→ **EXERCISE DIRECTIONS**
From the listing below, copy only the lines running from the line that contains "#312=CARTESIAN_POINT('',(0.,9.9,0.));" to the line that contains "#331=CARTESIAN_POINT('',(0.,-9.9,0.));", both included.

BEGIN RECORDS SHOWN

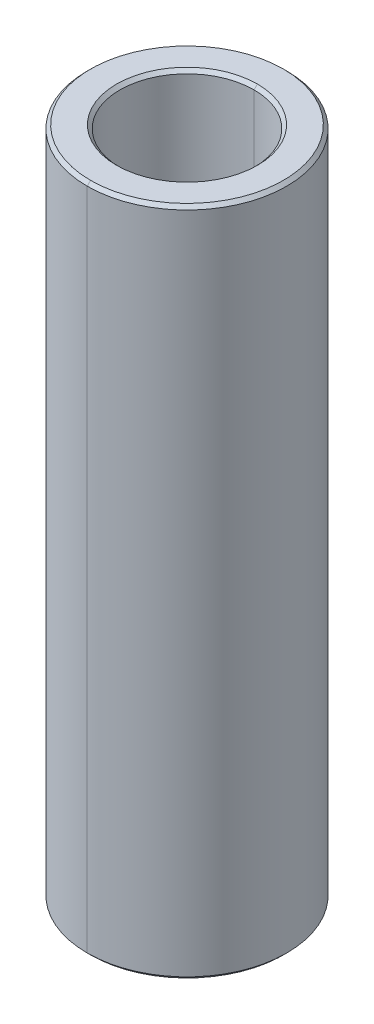
ISO-10303-21;
HEADER;
FILE_DESCRIPTION(('STEP AP214'),'2;1');
FILE_NAME('part.step','',(''),(''),'','','');
FILE_SCHEMA(('AUTOMOTIVE_DESIGN { 1 0 10303 214 1 1 1 1 }'));
ENDSEC;
DATA;
#1=APPLICATION_CONTEXT('core data for automotive mechanical design processes');
#2=APPLICATION_PROTOCOL_DEFINITION('international standard','automotive_design',2000,#1);
#3=PRODUCT_CONTEXT('',#1,'mechanical');
#4=PRODUCT('Part','Part','',(#3));
#5=PRODUCT_RELATED_PRODUCT_CATEGORY('part','',(#4));
#6=PRODUCT_DEFINITION_FORMATION('','',#4);
#7=PRODUCT_DEFINITION_CONTEXT('part definition',#1,'design');
#8=PRODUCT_DEFINITION('design','',#6,#7);
#9=PRODUCT_DEFINITION_SHAPE('','',#8);
#10=(LENGTH_UNIT() NAMED_UNIT(*) SI_UNIT(.MILLI.,.METRE.));
#11=(NAMED_UNIT(*) PLANE_ANGLE_UNIT() SI_UNIT($,.RADIAN.));
#12=(NAMED_UNIT(*) SI_UNIT($,.STERADIAN.) SOLID_ANGLE_UNIT());
#13=UNCERTAINTY_MEASURE_WITH_UNIT(LENGTH_MEASURE(1.E-05),#10,'distance_accuracy_value','');
#14=(GEOMETRIC_REPRESENTATION_CONTEXT(3) GLOBAL_UNCERTAINTY_ASSIGNED_CONTEXT((#13)) GLOBAL_UNIT_ASSIGNED_CONTEXT((#10,
#11,#12)) REPRESENTATION_CONTEXT('',''));
#15=CARTESIAN_POINT('',(0.,0.,0.));
#16=DIRECTION('',(0.,0.,1.));
#17=DIRECTION('',(1.,0.,0.));
#18=AXIS2_PLACEMENT_3D('',#15,#16,#17);
#19=CARTESIAN_POINT('',(0.,9.9,0.));
#20=DIRECTION('',(0.,1.,0.));
#21=DIRECTION('',(0.,0.,1.));
#22=AXIS2_PLACEMENT_3D('',#19,#20,#21);
#23=CONICAL_SURFACE('',#22,2.,0.785398163397448);
#24=DIRECTION('',(0.,0.707106781186548,-0.707106781186548));
#25=VECTOR('',#24,1.);
#26=CARTESIAN_POINT('',(0.,9.9,-2.));
#27=LINE('',#26,#25);
#28=CARTESIAN_POINT('',(0.,9.9,-2.));
#29=VERTEX_POINT('',#28);
#30=CARTESIAN_POINT('',(0.,10.,-2.1));
#31=VERTEX_POINT('',#30);
#32=EDGE_CURVE('E206',#29,#31,#27,.T.);
#33=ORIENTED_EDGE('',*,*,#32,.F.);
#34=CARTESIAN_POINT('',(0.,9.9,0.));
#35=DIRECTION('',(0.,1.,0.));
#36=DIRECTION('',(0.,0.,1.));
#37=AXIS2_PLACEMENT_3D('',#34,#35,#36);
#38=CIRCLE('',#37,2.);
#39=CARTESIAN_POINT('',(0.,9.9,2.));
#40=VERTEX_POINT('',#39);
#41=EDGE_CURVE('E27',#40,#29,#38,.T.);
#42=ORIENTED_EDGE('',*,*,#41,.F.);
#43=DIRECTION('',(0.,0.707106781186548,0.707106781186548));
#44=VECTOR('',#43,1.);
#45=CARTESIAN_POINT('',(0.,9.9,2.));
#46=LINE('',#45,#44);
#47=CARTESIAN_POINT('',(0.,10.,2.1));
#48=VERTEX_POINT('',#47);
#49=EDGE_CURVE('E146',#40,#48,#46,.T.);
#50=ORIENTED_EDGE('',*,*,#49,.T.);
#51=CARTESIAN_POINT('',(0.,10.,0.));
#52=DIRECTION('',(0.,-1.,0.));
#53=DIRECTION('',(0.,0.,1.));
#54=AXIS2_PLACEMENT_3D('',#51,#52,#53);
#55=CIRCLE('',#54,2.1);
#56=EDGE_CURVE('E121',#31,#48,#55,.T.);
#57=ORIENTED_EDGE('',*,*,#56,.F.);
#58=EDGE_LOOP('',(#33,#42,#50,#57));
#59=FACE_BOUND('',#58,.T.);
#60=ADVANCED_FACE('F16',(#59),#23,.F.);
#61=CARTESIAN_POINT('',(0.,-10.,0.));
#62=DIRECTION('',(0.,-1.,0.));
#63=DIRECTION('',(0.,0.,-1.));
#64=AXIS2_PLACEMENT_3D('',#61,#62,#63);
#65=CONICAL_SURFACE('',#64,2.1,0.785398163397448);
#66=DIRECTION('',(0.,-0.707106781186548,0.707106781186548));
#67=VECTOR('',#66,1.);
#68=CARTESIAN_POINT('',(0.,-10.,2.1));
#69=LINE('',#68,#67);
#70=CARTESIAN_POINT('',(0.,-9.9,2.));
#71=VERTEX_POINT('',#70);
#72=CARTESIAN_POINT('',(0.,-10.,2.1));
#73=VERTEX_POINT('',#72);
#74=EDGE_CURVE('E130',#71,#73,#69,.T.);
#75=ORIENTED_EDGE('',*,*,#74,.F.);
#76=CARTESIAN_POINT('',(0.,-9.9,0.));
#77=DIRECTION('',(0.,-1.,0.));
#78=DIRECTION('',(0.,0.,1.));
#79=AXIS2_PLACEMENT_3D('',#76,#77,#78);
#80=CIRCLE('',#79,2.);
#81=CARTESIAN_POINT('',(0.,-9.9,-2.));
#82=VERTEX_POINT('',#81);
#83=EDGE_CURVE('E10',#82,#71,#80,.T.);
#84=ORIENTED_EDGE('',*,*,#83,.F.);
#85=DIRECTION('',(0.,-0.707106781186548,-0.707106781186548));
#86=VECTOR('',#85,1.);
#87=CARTESIAN_POINT('',(0.,-10.,-2.1));
#88=LINE('',#87,#86);
#89=CARTESIAN_POINT('',(0.,-10.,-2.1));
#90=VERTEX_POINT('',#89);
#91=EDGE_CURVE('E138',#82,#90,#88,.T.);
#92=ORIENTED_EDGE('',*,*,#91,.T.);
#93=CARTESIAN_POINT('',(0.,-10.,0.));
#94=DIRECTION('',(0.,1.,0.));
#95=DIRECTION('',(0.,0.,1.));
#96=AXIS2_PLACEMENT_3D('',#93,#94,#95);
#97=CIRCLE('',#96,2.1);
#98=EDGE_CURVE('E79',#73,#90,#97,.T.);
#99=ORIENTED_EDGE('',*,*,#98,.F.);
#100=EDGE_LOOP('',(#75,#84,#92,#99));
#101=FACE_BOUND('',#100,.T.);
#102=ADVANCED_FACE('F261',(#101),#65,.F.);
#103=CARTESIAN_POINT('',(0.,10.,0.));
#104=DIRECTION('',(0.,-1.,0.));
#105=DIRECTION('',(0.,0.,-1.));
#106=AXIS2_PLACEMENT_3D('',#103,#104,#105);
#107=CONICAL_SURFACE('',#106,2.875,0.78539816339744);
#108=DIRECTION('',(0.,-0.707106781186554,0.707106781186542));
#109=VECTOR('',#108,1.);
#110=CARTESIAN_POINT('',(0.,10.,2.875));
#111=LINE('',#110,#109);
#112=CARTESIAN_POINT('',(0.,10.,2.875));
#113=VERTEX_POINT('',#112);
#114=CARTESIAN_POINT('',(0.,9.9,2.975));
#115=VERTEX_POINT('',#114);
#116=EDGE_CURVE('E104',#113,#115,#111,.T.);
#117=ORIENTED_EDGE('',*,*,#116,.F.);
#118=CARTESIAN_POINT('',(0.,10.,0.));
#119=DIRECTION('',(0.,1.,0.));
#120=DIRECTION('',(0.,0.,1.));
#121=AXIS2_PLACEMENT_3D('',#118,#119,#120);
#122=CIRCLE('',#121,2.875);
#123=CARTESIAN_POINT('',(0.,10.,-2.875));
#124=VERTEX_POINT('',#123);
#125=EDGE_CURVE('E90',#124,#113,#122,.T.);
#126=ORIENTED_EDGE('',*,*,#125,.F.);
#127=DIRECTION('',(0.,-0.707106781186554,-0.707106781186542));
#128=VECTOR('',#127,1.);
#129=CARTESIAN_POINT('',(0.,10.,-2.875));
#130=LINE('',#129,#128);
#131=CARTESIAN_POINT('',(0.,9.9,-2.975));
#132=VERTEX_POINT('',#131);
#133=EDGE_CURVE('E94',#124,#132,#130,.T.);
#134=ORIENTED_EDGE('',*,*,#133,.T.);
#135=CARTESIAN_POINT('',(0.,9.9,0.));
#136=DIRECTION('',(0.,-1.,0.));
#137=DIRECTION('',(0.,0.,1.));
#138=AXIS2_PLACEMENT_3D('',#135,#136,#137);
#139=CIRCLE('',#138,2.975);
#140=EDGE_CURVE('E68',#115,#132,#139,.T.);
#141=ORIENTED_EDGE('',*,*,#140,.F.);
#142=EDGE_LOOP('',(#117,#126,#134,#141));
#143=FACE_BOUND('',#142,.T.);
#144=ADVANCED_FACE('F95',(#143),#107,.T.);
#145=CARTESIAN_POINT('',(0.,-9.9,0.));
#146=DIRECTION('',(0.,1.,0.));
#147=DIRECTION('',(0.,0.,1.));
#148=AXIS2_PLACEMENT_3D('',#145,#146,#147);
#149=CONICAL_SURFACE('',#148,2.975,0.78539816339744);
#150=DIRECTION('',(0.,0.707106781186554,-0.707106781186542));
#151=VECTOR('',#150,1.);
#152=CARTESIAN_POINT('',(0.,-9.9,-2.975));
#153=LINE('',#152,#151);
#154=CARTESIAN_POINT('',(0.,-10.,-2.875));
#155=VERTEX_POINT('',#154);
#156=CARTESIAN_POINT('',(0.,-9.9,-2.975));
#157=VERTEX_POINT('',#156);
#158=EDGE_CURVE('E129',#155,#157,#153,.T.);
#159=ORIENTED_EDGE('',*,*,#158,.F.);
#160=CARTESIAN_POINT('',(0.,-10.,0.));
#161=DIRECTION('',(0.,-1.,0.));
#162=DIRECTION('',(0.,0.,1.));
#163=AXIS2_PLACEMENT_3D('',#160,#161,#162);
#164=CIRCLE('',#163,2.875);
#165=CARTESIAN_POINT('',(0.,-10.,2.875));
#166=VERTEX_POINT('',#165);
#167=EDGE_CURVE('E62',#166,#155,#164,.T.);
#168=ORIENTED_EDGE('',*,*,#167,.F.);
#169=DIRECTION('',(0.,0.707106781186554,0.707106781186542));
#170=VECTOR('',#169,1.);
#171=CARTESIAN_POINT('',(0.,-9.9,2.975));
#172=LINE('',#171,#170);
#173=CARTESIAN_POINT('',(0.,-9.9,2.975));
#174=VERTEX_POINT('',#173);
#175=EDGE_CURVE('E113',#166,#174,#172,.T.);
#176=ORIENTED_EDGE('',*,*,#175,.T.);
#177=CARTESIAN_POINT('',(0.,-9.9,0.));
#178=DIRECTION('',(0.,1.,0.));
#179=DIRECTION('',(0.,0.,1.));
#180=AXIS2_PLACEMENT_3D('',#177,#178,#179);
#181=CIRCLE('',#180,2.975);
#182=EDGE_CURVE('E42',#157,#174,#181,.T.);
#183=ORIENTED_EDGE('',*,*,#182,.F.);
#184=EDGE_LOOP('',(#159,#168,#176,#183));
#185=FACE_BOUND('',#184,.T.);
#186=ADVANCED_FACE('F250',(#185),#149,.T.);
#187=CARTESIAN_POINT('',(0.,10.,0.));
#188=DIRECTION('',(0.,-1.,0.));
#189=DIRECTION('',(0.,0.,-1.));
#190=AXIS2_PLACEMENT_3D('',#187,#188,#189);
#191=CYLINDRICAL_SURFACE('',#190,2.);
#192=DIRECTION('',(0.,-1.,0.));
#193=VECTOR('',#192,1.);
#194=CARTESIAN_POINT('',(0.,10.,2.));
#195=LINE('',#194,#193);
#196=EDGE_CURVE('E117',#40,#71,#195,.T.);
#197=ORIENTED_EDGE('',*,*,#196,.F.);
#198=ORIENTED_EDGE('',*,*,#41,.T.);
#199=DIRECTION('',(0.,-1.,0.));
#200=VECTOR('',#199,1.);
#201=CARTESIAN_POINT('',(0.,10.,-2.));
#202=LINE('',#201,#200);
#203=EDGE_CURVE('E20',#29,#82,#202,.T.);
#204=ORIENTED_EDGE('',*,*,#203,.T.);
#205=ORIENTED_EDGE('',*,*,#83,.T.);
#206=EDGE_LOOP('',(#197,#198,#204,#205));
#207=FACE_BOUND('',#206,.T.);
#208=ADVANCED_FACE('F258',(#207),#191,.F.);
#209=CARTESIAN_POINT('',(0.,10.,0.));
#210=DIRECTION('',(0.,-1.,0.));
#211=DIRECTION('',(0.,0.,-1.));
#212=AXIS2_PLACEMENT_3D('',#209,#210,#211);
#213=CYLINDRICAL_SURFACE('',#212,2.975);
#214=DIRECTION('',(0.,-1.,0.));
#215=VECTOR('',#214,1.);
#216=CARTESIAN_POINT('',(0.,10.,2.975));
#217=LINE('',#216,#215);
#218=EDGE_CURVE('E73',#115,#174,#217,.T.);
#219=ORIENTED_EDGE('',*,*,#218,.F.);
#220=ORIENTED_EDGE('',*,*,#140,.T.);
#221=DIRECTION('',(0.,-1.,0.));
#222=VECTOR('',#221,1.);
#223=CARTESIAN_POINT('',(0.,10.,-2.975));
#224=LINE('',#223,#222);
#225=EDGE_CURVE('E71',#132,#157,#224,.T.);
#226=ORIENTED_EDGE('',*,*,#225,.T.);
#227=ORIENTED_EDGE('',*,*,#182,.T.);
#228=EDGE_LOOP('',(#219,#220,#226,#227));
#229=FACE_BOUND('',#228,.T.);
#230=ADVANCED_FACE('F70',(#229),#213,.T.);
#231=CARTESIAN_POINT('',(0.,-10.,0.));
#232=DIRECTION('',(0.,1.,0.));
#233=DIRECTION('',(1.,0.,0.));
#234=AXIS2_PLACEMENT_3D('',#231,#232,#233);
#235=PLANE('',#234);
#236=CARTESIAN_POINT('',(0.,-10.,0.));
#237=DIRECTION('',(0.,1.,0.));
#238=DIRECTION('',(0.,0.,1.));
#239=AXIS2_PLACEMENT_3D('',#236,#237,#238);
#240=CIRCLE('',#239,2.1);
#241=EDGE_CURVE('E134',#90,#73,#240,.T.);
#242=ORIENTED_EDGE('',*,*,#241,.T.);
#243=ORIENTED_EDGE('',*,*,#98,.T.);
#244=EDGE_LOOP('',(#242,#243));
#245=FACE_BOUND('',#244,.T.);
#246=ORIENTED_EDGE('',*,*,#167,.T.);
#247=CARTESIAN_POINT('',(0.,-10.,0.));
#248=DIRECTION('',(0.,-1.,0.));
#249=DIRECTION('',(0.,0.,1.));
#250=AXIS2_PLACEMENT_3D('',#247,#248,#249);
#251=CIRCLE('',#250,2.875);
#252=EDGE_CURVE('E101',#155,#166,#251,.T.);
#253=ORIENTED_EDGE('',*,*,#252,.T.);
#254=EDGE_LOOP('',(#246,#253));
#255=FACE_BOUND('',#254,.T.);
#256=ADVANCED_FACE('F18',(#245,#255),#235,.F.);
#257=CARTESIAN_POINT('',(0.,10.,0.));
#258=DIRECTION('',(0.,1.,0.));
#259=DIRECTION('',(1.,0.,0.));
#260=AXIS2_PLACEMENT_3D('',#257,#258,#259);
#261=PLANE('',#260);
#262=CARTESIAN_POINT('',(0.,10.,0.));
#263=DIRECTION('',(0.,-1.,0.));
#264=DIRECTION('',(0.,0.,1.));
#265=AXIS2_PLACEMENT_3D('',#262,#263,#264);
#266=CIRCLE('',#265,2.1);
#267=EDGE_CURVE('E211',#48,#31,#266,.T.);
#268=ORIENTED_EDGE('',*,*,#267,.T.);
#269=ORIENTED_EDGE('',*,*,#56,.T.);
#270=EDGE_LOOP('',(#268,#269));
#271=FACE_BOUND('',#270,.T.);
#272=ORIENTED_EDGE('',*,*,#125,.T.);
#273=CARTESIAN_POINT('',(0.,10.,0.));
#274=DIRECTION('',(0.,1.,0.));
#275=DIRECTION('',(0.,0.,1.));
#276=AXIS2_PLACEMENT_3D('',#273,#274,#275);
#277=CIRCLE('',#276,2.875);
#278=EDGE_CURVE('E110',#113,#124,#277,.T.);
#279=ORIENTED_EDGE('',*,*,#278,.T.);
#280=EDGE_LOOP('',(#272,#279));
#281=FACE_BOUND('',#280,.T.);
#282=ADVANCED_FACE('F155',(#271,#281),#261,.T.);
#283=CARTESIAN_POINT('',(0.,10.,0.));
#284=DIRECTION('',(0.,-1.,0.));
#285=DIRECTION('',(0.,0.,-1.));
#286=AXIS2_PLACEMENT_3D('',#283,#284,#285);
#287=CYLINDRICAL_SURFACE('',#286,2.975);
#288=CARTESIAN_POINT('',(0.,9.9,0.));
#289=DIRECTION('',(0.,-1.,0.));
#290=DIRECTION('',(0.,0.,1.));
#291=AXIS2_PLACEMENT_3D('',#288,#289,#290);
#292=CIRCLE('',#291,2.975);
#293=EDGE_CURVE('E84',#132,#115,#292,.T.);
#294=ORIENTED_EDGE('',*,*,#293,.T.);
#295=ORIENTED_EDGE('',*,*,#218,.T.);
#296=CARTESIAN_POINT('',(0.,-9.9,0.));
#297=DIRECTION('',(0.,1.,0.));
#298=DIRECTION('',(0.,0.,1.));
#299=AXIS2_PLACEMENT_3D('',#296,#297,#298);
#300=CIRCLE('',#299,2.975);
#301=EDGE_CURVE('E87',#174,#157,#300,.T.);
#302=ORIENTED_EDGE('',*,*,#301,.T.);
#303=ORIENTED_EDGE('',*,*,#225,.F.);
#304=EDGE_LOOP('',(#294,#295,#302,#303));
#305=FACE_BOUND('',#304,.T.);
#306=ADVANCED_FACE('F82',(#305),#287,.T.);
#307=CARTESIAN_POINT('',(0.,10.,0.));
#308=DIRECTION('',(0.,-1.,0.));
#309=DIRECTION('',(0.,0.,-1.));
#310=AXIS2_PLACEMENT_3D('',#307,#308,#309);
#311=CYLINDRICAL_SURFACE('',#310,2.);
#312=CARTESIAN_POINT('',(0.,9.9,0.));
#313=DIRECTION('',(0.,1.,0.));
#314=DIRECTION('',(0.,0.,1.));
#315=AXIS2_PLACEMENT_3D('',#312,#313,#314);
#316=CIRCLE('',#315,2.);
#317=EDGE_CURVE('E217',#29,#40,#316,.T.);
#318=ORIENTED_EDGE('',*,*,#317,.T.);
#319=ORIENTED_EDGE('',*,*,#196,.T.);
#320=CARTESIAN_POINT('',(0.,-9.9,0.));
#321=DIRECTION('',(0.,-1.,0.));
#322=DIRECTION('',(0.,0.,1.));
#323=AXIS2_PLACEMENT_3D('',#320,#321,#322);
#324=CIRCLE('',#323,2.);
#325=EDGE_CURVE('E135',#71,#82,#324,.T.);
#326=ORIENTED_EDGE('',*,*,#325,.T.);
#327=ORIENTED_EDGE('',*,*,#203,.F.);
#328=EDGE_LOOP('',(#318,#319,#326,#327));
#329=FACE_BOUND('',#328,.T.);
#330=ADVANCED_FACE('F271',(#329),#311,.F.);
#331=CARTESIAN_POINT('',(0.,-9.9,0.));
#332=DIRECTION('',(0.,1.,0.));
#333=DIRECTION('',(0.,0.,1.));
#334=AXIS2_PLACEMENT_3D('',#331,#332,#333);
#335=CONICAL_SURFACE('',#334,2.975,0.78539816339744);
#336=ORIENTED_EDGE('',*,*,#252,.F.);
#337=ORIENTED_EDGE('',*,*,#158,.T.);
#338=ORIENTED_EDGE('',*,*,#301,.F.);
#339=ORIENTED_EDGE('',*,*,#175,.F.);
#340=EDGE_LOOP('',(#336,#337,#338,#339));
#341=FACE_BOUND('',#340,.T.);
#342=ADVANCED_FACE('F247',(#341),#335,.T.);
#343=CARTESIAN_POINT('',(0.,10.,0.));
#344=DIRECTION('',(0.,-1.,0.));
#345=DIRECTION('',(0.,0.,-1.));
#346=AXIS2_PLACEMENT_3D('',#343,#344,#345);
#347=CONICAL_SURFACE('',#346,2.875,0.78539816339744);
#348=ORIENTED_EDGE('',*,*,#278,.F.);
#349=ORIENTED_EDGE('',*,*,#116,.T.);
#350=ORIENTED_EDGE('',*,*,#293,.F.);
#351=ORIENTED_EDGE('',*,*,#133,.F.);
#352=EDGE_LOOP('',(#348,#349,#350,#351));
#353=FACE_BOUND('',#352,.T.);
#354=ADVANCED_FACE('F103',(#353),#347,.T.);
#355=CARTESIAN_POINT('',(0.,-10.,0.));
#356=DIRECTION('',(0.,-1.,0.));
#357=DIRECTION('',(0.,0.,-1.));
#358=AXIS2_PLACEMENT_3D('',#355,#356,#357);
#359=CONICAL_SURFACE('',#358,2.1,0.785398163397448);
#360=ORIENTED_EDGE('',*,*,#325,.F.);
#361=ORIENTED_EDGE('',*,*,#74,.T.);
#362=ORIENTED_EDGE('',*,*,#241,.F.);
#363=ORIENTED_EDGE('',*,*,#91,.F.);
#364=EDGE_LOOP('',(#360,#361,#362,#363));
#365=FACE_BOUND('',#364,.T.);
#366=ADVANCED_FACE('F269',(#365),#359,.F.);
#367=CARTESIAN_POINT('',(0.,9.9,0.));
#368=DIRECTION('',(0.,1.,0.));
#369=DIRECTION('',(0.,0.,1.));
#370=AXIS2_PLACEMENT_3D('',#367,#368,#369);
#371=CONICAL_SURFACE('',#370,2.,0.785398163397448);
#372=ORIENTED_EDGE('',*,*,#317,.F.);
#373=ORIENTED_EDGE('',*,*,#32,.T.);
#374=ORIENTED_EDGE('',*,*,#267,.F.);
#375=ORIENTED_EDGE('',*,*,#49,.F.);
#376=EDGE_LOOP('',(#372,#373,#374,#375));
#377=FACE_BOUND('',#376,.T.);
#378=ADVANCED_FACE('F215',(#377),#371,.F.);
#379=CLOSED_SHELL('',(#60,#102,#144,#186,#208,#230,#256,#282,#306,#330,#342,#354,#366,#378));
#380=MANIFOLD_SOLID_BREP('B1',#379);
#381=ADVANCED_BREP_SHAPE_REPRESENTATION('',(#18,#380),#14);
#382=SHAPE_DEFINITION_REPRESENTATION(#9,#381);
ENDSEC;
END-ISO-10303-21;

END RECORDS SHOWN

→ **RESPONSE**
#312=CARTESIAN_POINT('',(0.,9.9,0.));
#313=DIRECTION('',(0.,1.,0.));
#314=DIRECTION('',(0.,0.,1.));
#315=AXIS2_PLACEMENT_3D('',#312,#313,#314);
#316=CIRCLE('',#315,2.);
#317=EDGE_CURVE('E217',#29,#40,#316,.T.);
#318=ORIENTED_EDGE('',*,*,#317,.T.);
#319=ORIENTED_EDGE('',*,*,#196,.T.);
#320=CARTESIAN_POINT('',(0.,-9.9,0.));
#321=DIRECTION('',(0.,-1.,0.));
#322=DIRECTION('',(0.,0.,1.));
#323=AXIS2_PLACEMENT_3D('',#320,#321,#322);
#324=CIRCLE('',#323,2.);
#325=EDGE_CURVE('E135',#71,#82,#324,.T.);
#326=ORIENTED_EDGE('',*,*,#325,.T.);
#327=ORIENTED_EDGE('',*,*,#203,.F.);
#328=EDGE_LOOP('',(#318,#319,#326,#327));
#329=FACE_BOUND('',#328,.T.);
#330=ADVANCED_FACE('F271',(#329),#311,.F.);
#331=CARTESIAN_POINT('',(0.,-9.9,0.));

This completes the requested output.